The buzzards learned that what they had been calling split-rail fences are more properly known as buck-and-rail fences. They were an innovation of the first pioneer ranchers. This fencing system is named for the X-shaped braces or cross bucks used to support the horizontal rails. The fences are self-supporting and used where rails were easily obtained. Snow anchors the fence rather than toppling them and the buck-and-rail fences are easily repaired. With the invention of barbed wire after 1900, post-and-wire became commonly used for ranchers who could afford it. Later, with dude and dudette ranching and tourism, there was a resurgence in the use of the rustic buck-and-rail fences.

You really get your money's worth today with 85 images in the photo gallery. You can view them by clicking here.

We took Hwy 390 back to Jackson and stopped at an Albertsons to get late lunch fixings for ham sandwiches, along with grapes and bananas.

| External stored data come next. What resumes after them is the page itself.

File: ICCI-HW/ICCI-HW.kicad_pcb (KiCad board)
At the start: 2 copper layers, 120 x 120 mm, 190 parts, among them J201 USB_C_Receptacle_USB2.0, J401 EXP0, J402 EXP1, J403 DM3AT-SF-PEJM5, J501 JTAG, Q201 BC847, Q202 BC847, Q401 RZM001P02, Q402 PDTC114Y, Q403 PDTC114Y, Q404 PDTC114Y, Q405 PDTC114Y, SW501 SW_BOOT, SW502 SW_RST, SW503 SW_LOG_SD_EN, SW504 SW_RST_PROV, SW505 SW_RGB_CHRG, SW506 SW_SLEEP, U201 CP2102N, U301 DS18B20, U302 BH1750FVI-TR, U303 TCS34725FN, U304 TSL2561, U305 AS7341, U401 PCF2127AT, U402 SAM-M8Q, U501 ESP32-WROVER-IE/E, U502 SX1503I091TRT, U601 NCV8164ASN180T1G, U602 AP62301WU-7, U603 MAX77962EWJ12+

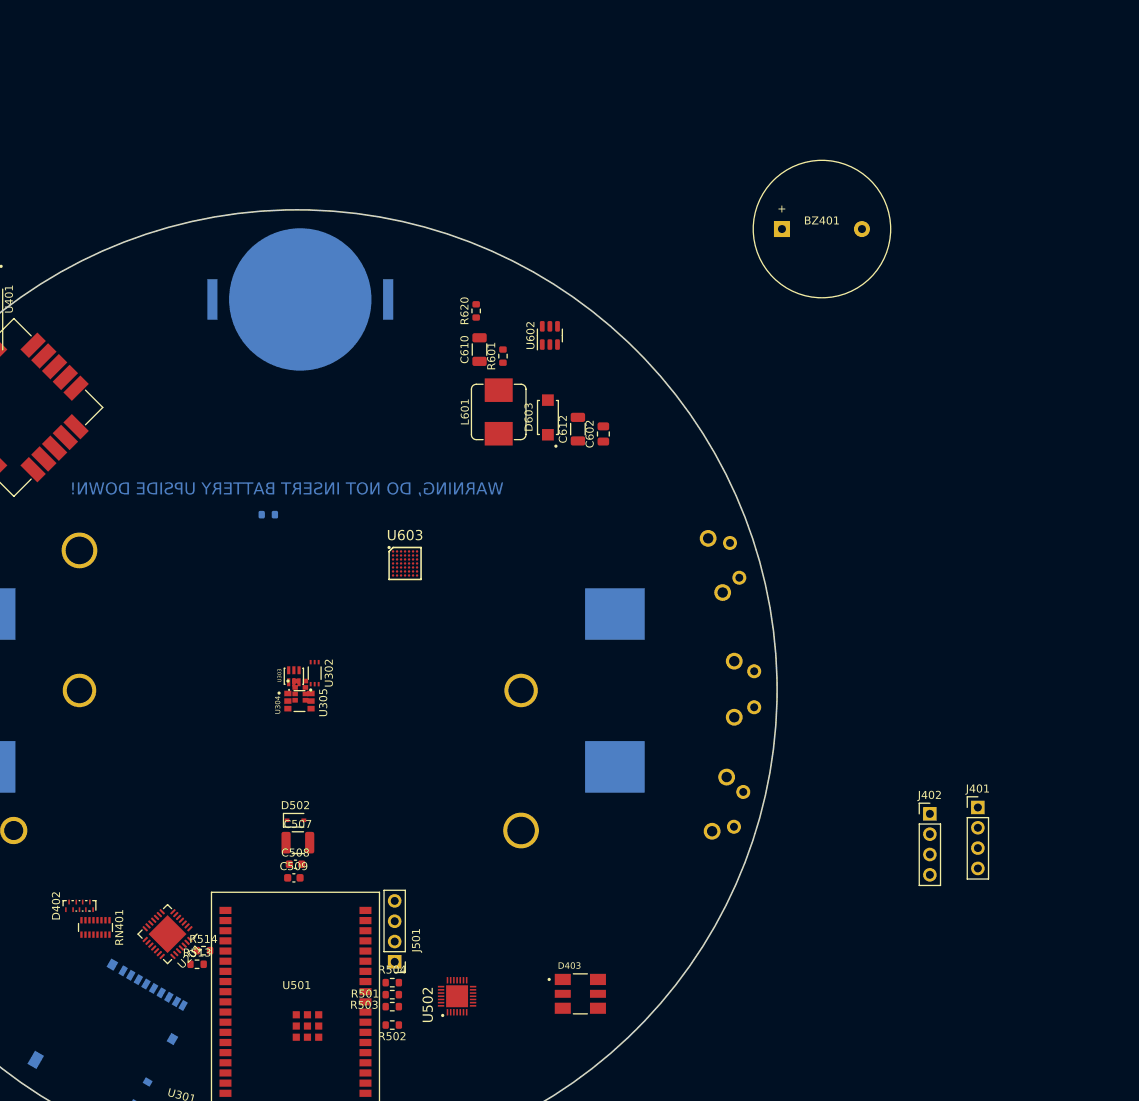
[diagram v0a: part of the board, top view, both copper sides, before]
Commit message: change MAX77962 (BGA) to MAX77960B (FC2QFN)
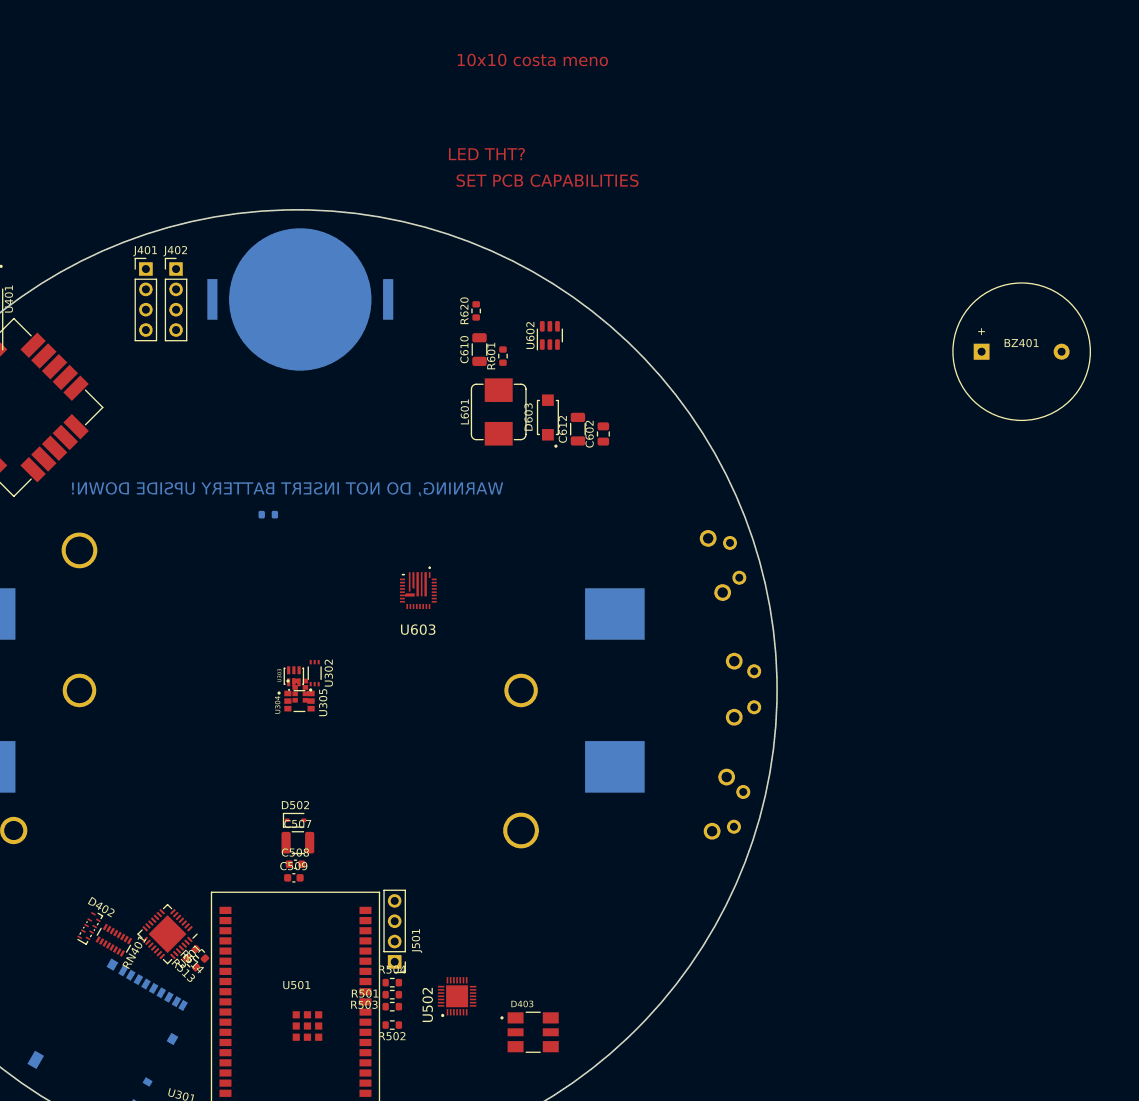
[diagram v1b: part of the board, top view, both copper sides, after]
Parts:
- R616: value 140k -> 178k
- R618: value 69,8k -> 86,6k
- U201: value CP2102N -> CP2102N-Axx-xQFN28
- U603: value MAX77962EWJ12+ -> MAX77960BEFV12+; footprint ICCI-LIB:MAX77962EWJ12+ -> ICCI-LIB:MAX77960BEFV12+
- moved J401 123.9 mm to (127.1, 43.4)
- moved J402 116.3 mm to (130.9, 43.4)
- moved BZ401 29.3 mm to (236.6, 53.7)
- moved D403 7.61 mm to (175.5, 138.8)
- moved U603 3.77 mm to (161.2, 83.6)
- moved D402 3.00 mm to (120.1, 125.7), turned to -30 degrees
- moved RN401 2.80 mm to (123.1, 127.3), turned to -120 degrees
- moved R513 0.73 mm to (132.8, 130.1), turned to 135 degrees
- moved R514 0.57 mm to (133.9, 129.0), turned to 135 degrees
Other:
- board text added: "10x10 costa meno"
- board text added: "LED THT?"
- board text added: "SET PCB CAPABILITIES"

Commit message: fw: updates
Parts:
- removed C208: 100n, Capacitor_SMD:C_0603_1608Metric
- removed D606: VSSAF3L45HM3_A/I, ICCI-LIB:VSSAF3L45HM3
- removed R211, R212, R516, R517: 10k, Resistor_SMD:R_0603_1608Metric
- removed the R511 at (335.3, 16.1)
- removed the R512 at (335.3, 11.1)
- removed the R622 at (352.6, 100.9)
- added C202: 4.7u, Capacitor_SMD:C_0603_1608Metric, F.Cu at (255.1, 91.4)
- added C312: 100n, Capacitor_SMD:C_0603_1608Metric, F.Cu at (136.7, 109.2)
- added C313: 100n, Capacitor_SMD:C_0603_1608Metric, F.Cu at (132.7, 106.7)
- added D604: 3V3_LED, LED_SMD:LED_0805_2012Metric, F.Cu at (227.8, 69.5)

Dinner was at a unique bar joint named The Bird. John had been searching for a place to eat and was, frankly, more impressed by the wording on their menu than anything else. There was much humor in what was written. You gotta love a place that has the temerity to put a sign up over their bar that reads "F*** Off, WE'RE CLOSED!" You might enjoy reading their menu (a pdf file) which you can get by clicking here. John had a burger called "The Jefferson". It was a 1/4 pounder with bacon and blue cheese. Linda had the "Bushy Beaver" a veggie burger, "The best homemade veggie burger that your hippie tongue will ever taste". Both buzzards had a glass of Spaten Optimator, a really yummy dark beer. Oh, and their special homemade ice cream today was Maple Bourbon. You had to be 21 to order it. Linda and John split a dish and it was marvelous.

Rest well. Short drive tomorrow, but lots to see on the way. Don't know how good or reliable our wifi will be in West Yellowstone, but we'll let you know when we do!